The presentation from Wilkes suggested other ideas for addressing housing, such as reducing regulations, allowing more buildings on agricultural land and the reduction of development charges. Wilkes offered further praise for the region’s system of deferring development charges for some high-density projects.

But councillors were keen on further grilling regarding solutions to spur developers to move more quickly. 

Taylor said developers will go through the steps to get things out of the way for the future or perhaps to improve the value of their land before sale, but it takes time away from busy planning departments.

“Every year, every municipality has multiple applications like that,” Taylor said. 

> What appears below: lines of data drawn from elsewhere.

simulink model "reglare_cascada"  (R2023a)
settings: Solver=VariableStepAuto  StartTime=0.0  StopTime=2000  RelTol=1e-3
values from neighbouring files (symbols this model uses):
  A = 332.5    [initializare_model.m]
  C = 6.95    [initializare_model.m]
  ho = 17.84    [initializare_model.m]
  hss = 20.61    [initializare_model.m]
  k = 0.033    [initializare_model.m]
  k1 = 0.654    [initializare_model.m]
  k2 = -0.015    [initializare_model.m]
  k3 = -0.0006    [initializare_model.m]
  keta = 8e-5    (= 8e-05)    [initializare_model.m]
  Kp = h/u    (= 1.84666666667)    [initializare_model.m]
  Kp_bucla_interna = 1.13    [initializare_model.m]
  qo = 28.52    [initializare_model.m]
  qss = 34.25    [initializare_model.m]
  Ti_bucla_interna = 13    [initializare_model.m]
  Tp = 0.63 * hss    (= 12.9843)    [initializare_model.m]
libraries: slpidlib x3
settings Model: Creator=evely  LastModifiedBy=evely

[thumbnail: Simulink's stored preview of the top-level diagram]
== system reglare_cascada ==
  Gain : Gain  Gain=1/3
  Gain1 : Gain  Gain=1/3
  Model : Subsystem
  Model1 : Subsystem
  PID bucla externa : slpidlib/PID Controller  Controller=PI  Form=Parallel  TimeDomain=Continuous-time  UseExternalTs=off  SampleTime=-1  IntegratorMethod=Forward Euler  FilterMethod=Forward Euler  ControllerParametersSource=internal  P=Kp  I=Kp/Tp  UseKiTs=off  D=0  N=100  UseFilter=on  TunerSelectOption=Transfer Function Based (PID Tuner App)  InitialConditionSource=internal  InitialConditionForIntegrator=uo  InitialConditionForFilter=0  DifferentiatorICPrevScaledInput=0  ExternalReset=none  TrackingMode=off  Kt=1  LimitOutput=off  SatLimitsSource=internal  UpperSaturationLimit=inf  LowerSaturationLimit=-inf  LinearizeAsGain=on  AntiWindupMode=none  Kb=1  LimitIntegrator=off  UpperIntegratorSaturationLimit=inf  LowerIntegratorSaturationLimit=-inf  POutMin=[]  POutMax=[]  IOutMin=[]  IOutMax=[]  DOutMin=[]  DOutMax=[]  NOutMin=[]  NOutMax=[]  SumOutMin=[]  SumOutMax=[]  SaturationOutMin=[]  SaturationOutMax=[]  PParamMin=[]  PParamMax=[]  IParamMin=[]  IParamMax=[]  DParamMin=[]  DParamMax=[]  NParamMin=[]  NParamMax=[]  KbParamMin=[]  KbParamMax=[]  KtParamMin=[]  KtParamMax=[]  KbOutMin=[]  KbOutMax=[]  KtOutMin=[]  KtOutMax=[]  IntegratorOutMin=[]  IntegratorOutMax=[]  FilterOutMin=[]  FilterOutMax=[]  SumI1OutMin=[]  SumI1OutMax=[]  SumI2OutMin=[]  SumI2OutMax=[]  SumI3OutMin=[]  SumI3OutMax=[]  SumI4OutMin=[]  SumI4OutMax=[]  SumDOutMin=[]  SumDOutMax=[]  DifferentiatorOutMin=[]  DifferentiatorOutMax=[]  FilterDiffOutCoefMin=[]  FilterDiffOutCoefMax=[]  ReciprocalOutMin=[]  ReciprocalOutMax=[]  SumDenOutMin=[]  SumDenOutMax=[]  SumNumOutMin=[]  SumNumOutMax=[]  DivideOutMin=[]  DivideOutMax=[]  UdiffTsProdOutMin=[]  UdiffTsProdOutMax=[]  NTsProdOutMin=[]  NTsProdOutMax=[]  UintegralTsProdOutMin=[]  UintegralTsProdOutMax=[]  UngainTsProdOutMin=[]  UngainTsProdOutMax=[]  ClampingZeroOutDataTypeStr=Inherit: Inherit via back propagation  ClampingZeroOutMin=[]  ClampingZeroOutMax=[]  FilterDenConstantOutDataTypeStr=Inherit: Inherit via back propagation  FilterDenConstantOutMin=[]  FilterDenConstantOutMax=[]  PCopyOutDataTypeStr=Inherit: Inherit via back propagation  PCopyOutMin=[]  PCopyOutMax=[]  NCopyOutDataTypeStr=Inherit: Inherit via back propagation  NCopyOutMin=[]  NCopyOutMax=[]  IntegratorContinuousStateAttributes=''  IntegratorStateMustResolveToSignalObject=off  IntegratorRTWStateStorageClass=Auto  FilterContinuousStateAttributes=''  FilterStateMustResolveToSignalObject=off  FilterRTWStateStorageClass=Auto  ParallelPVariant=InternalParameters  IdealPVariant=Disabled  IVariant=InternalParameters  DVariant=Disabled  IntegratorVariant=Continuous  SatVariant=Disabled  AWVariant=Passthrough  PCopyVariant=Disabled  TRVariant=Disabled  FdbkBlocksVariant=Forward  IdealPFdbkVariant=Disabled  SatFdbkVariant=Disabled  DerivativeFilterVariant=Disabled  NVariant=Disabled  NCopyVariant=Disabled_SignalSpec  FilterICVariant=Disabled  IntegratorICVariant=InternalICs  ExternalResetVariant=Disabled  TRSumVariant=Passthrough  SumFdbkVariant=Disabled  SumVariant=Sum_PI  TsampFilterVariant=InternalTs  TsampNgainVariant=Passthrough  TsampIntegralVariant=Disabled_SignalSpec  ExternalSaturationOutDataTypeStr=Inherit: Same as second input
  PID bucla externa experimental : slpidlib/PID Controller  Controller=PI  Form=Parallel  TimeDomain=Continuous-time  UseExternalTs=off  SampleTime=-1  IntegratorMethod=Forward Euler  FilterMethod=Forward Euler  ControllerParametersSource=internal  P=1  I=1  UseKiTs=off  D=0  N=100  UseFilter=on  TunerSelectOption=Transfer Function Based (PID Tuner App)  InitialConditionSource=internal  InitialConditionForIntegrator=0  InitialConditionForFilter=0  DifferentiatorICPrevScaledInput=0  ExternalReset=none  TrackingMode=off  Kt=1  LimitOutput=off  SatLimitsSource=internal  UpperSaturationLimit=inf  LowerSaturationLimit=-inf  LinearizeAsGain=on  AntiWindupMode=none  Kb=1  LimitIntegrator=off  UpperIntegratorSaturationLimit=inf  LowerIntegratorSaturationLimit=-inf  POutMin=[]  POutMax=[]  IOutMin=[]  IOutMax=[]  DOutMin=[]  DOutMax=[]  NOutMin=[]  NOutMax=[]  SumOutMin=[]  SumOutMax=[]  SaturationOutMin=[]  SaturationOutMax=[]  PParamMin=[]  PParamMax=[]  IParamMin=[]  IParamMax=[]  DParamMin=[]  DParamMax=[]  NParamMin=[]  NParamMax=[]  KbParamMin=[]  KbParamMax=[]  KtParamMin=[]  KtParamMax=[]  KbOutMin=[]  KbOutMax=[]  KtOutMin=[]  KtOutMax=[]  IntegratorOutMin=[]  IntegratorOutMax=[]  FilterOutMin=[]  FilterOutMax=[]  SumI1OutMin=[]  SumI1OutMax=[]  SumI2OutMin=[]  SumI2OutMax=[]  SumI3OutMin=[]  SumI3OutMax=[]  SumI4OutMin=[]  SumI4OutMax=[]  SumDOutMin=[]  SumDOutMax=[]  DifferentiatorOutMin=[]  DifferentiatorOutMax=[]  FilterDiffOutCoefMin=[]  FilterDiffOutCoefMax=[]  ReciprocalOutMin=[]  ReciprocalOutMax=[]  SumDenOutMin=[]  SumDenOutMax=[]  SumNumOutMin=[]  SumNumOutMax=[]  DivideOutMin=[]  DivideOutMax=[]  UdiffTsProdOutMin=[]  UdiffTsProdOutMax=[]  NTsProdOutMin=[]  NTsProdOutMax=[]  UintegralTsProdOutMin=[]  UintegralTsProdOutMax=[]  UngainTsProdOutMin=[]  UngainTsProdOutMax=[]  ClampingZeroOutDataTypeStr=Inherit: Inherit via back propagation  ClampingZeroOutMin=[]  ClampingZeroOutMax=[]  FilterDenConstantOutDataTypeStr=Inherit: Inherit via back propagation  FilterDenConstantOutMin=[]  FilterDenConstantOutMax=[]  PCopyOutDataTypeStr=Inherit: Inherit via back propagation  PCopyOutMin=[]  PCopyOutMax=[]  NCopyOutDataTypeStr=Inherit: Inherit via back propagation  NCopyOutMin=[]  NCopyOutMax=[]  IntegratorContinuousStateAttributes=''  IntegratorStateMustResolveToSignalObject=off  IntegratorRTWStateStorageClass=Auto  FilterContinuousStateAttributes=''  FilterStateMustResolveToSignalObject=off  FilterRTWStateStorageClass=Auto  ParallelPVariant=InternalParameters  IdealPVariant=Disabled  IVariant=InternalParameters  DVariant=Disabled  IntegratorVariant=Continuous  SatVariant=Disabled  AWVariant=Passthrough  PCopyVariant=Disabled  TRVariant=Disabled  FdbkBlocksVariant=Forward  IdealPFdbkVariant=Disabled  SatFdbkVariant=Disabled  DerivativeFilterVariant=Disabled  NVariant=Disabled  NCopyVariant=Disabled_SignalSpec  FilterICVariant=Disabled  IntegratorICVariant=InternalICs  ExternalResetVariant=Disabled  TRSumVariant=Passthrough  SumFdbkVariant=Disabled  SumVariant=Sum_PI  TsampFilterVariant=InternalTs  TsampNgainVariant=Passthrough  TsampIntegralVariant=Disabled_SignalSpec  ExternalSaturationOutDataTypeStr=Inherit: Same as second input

Taylor also pressed on development charges and suggested that builders should be more concerned with municipalities not having enough to fund infrastructure. But Wilkes said developers believe in reducing charges to reduce home prices and that the federal government should help fund municipal infrastructure to allow for new development.

Whitchurch-Stouffville Mayor Iain Lovatt cited a couple of developments in his municipality, one with 500 homes approved in 2014 and no shovel near it, and another one with sewage allocation assigned for 2,000 units. He said they put in place a “use it or lose it” in two years policy for allocation but got blowback from developers’ lawyers doing that.

“We have to drive permits to get pulled in order for houses to get built. Infrastructure in a smaller municipality like Stouffville is being held hostage,” Lovatt said.

Rental needed

However, there was common ground regarding incentivizing rentals. Wilkes said BILD is hoping to drop the HST from purpose-built rental development, with it not being a popular type of project at the moment.

“The business model of (purpose-built rental) doesn’t work with the current model of HST,” he said.

Wilkes asked the region to join them in advocating with upper levels of government to drop this tax for purpose-built rental specifically.

The idea got some positive reception. Taylor said he is 100 per cent aligned with the idea and the need to focus on purpose-built rental.

“I’m really hopeful ourselves, BILD, the province and the federal government can come together on a really targeted, thoughtful, data-driven policy set to dramatically incentivize purpose-built rental,” he said. “It really is the Number 1 need in the GTA.”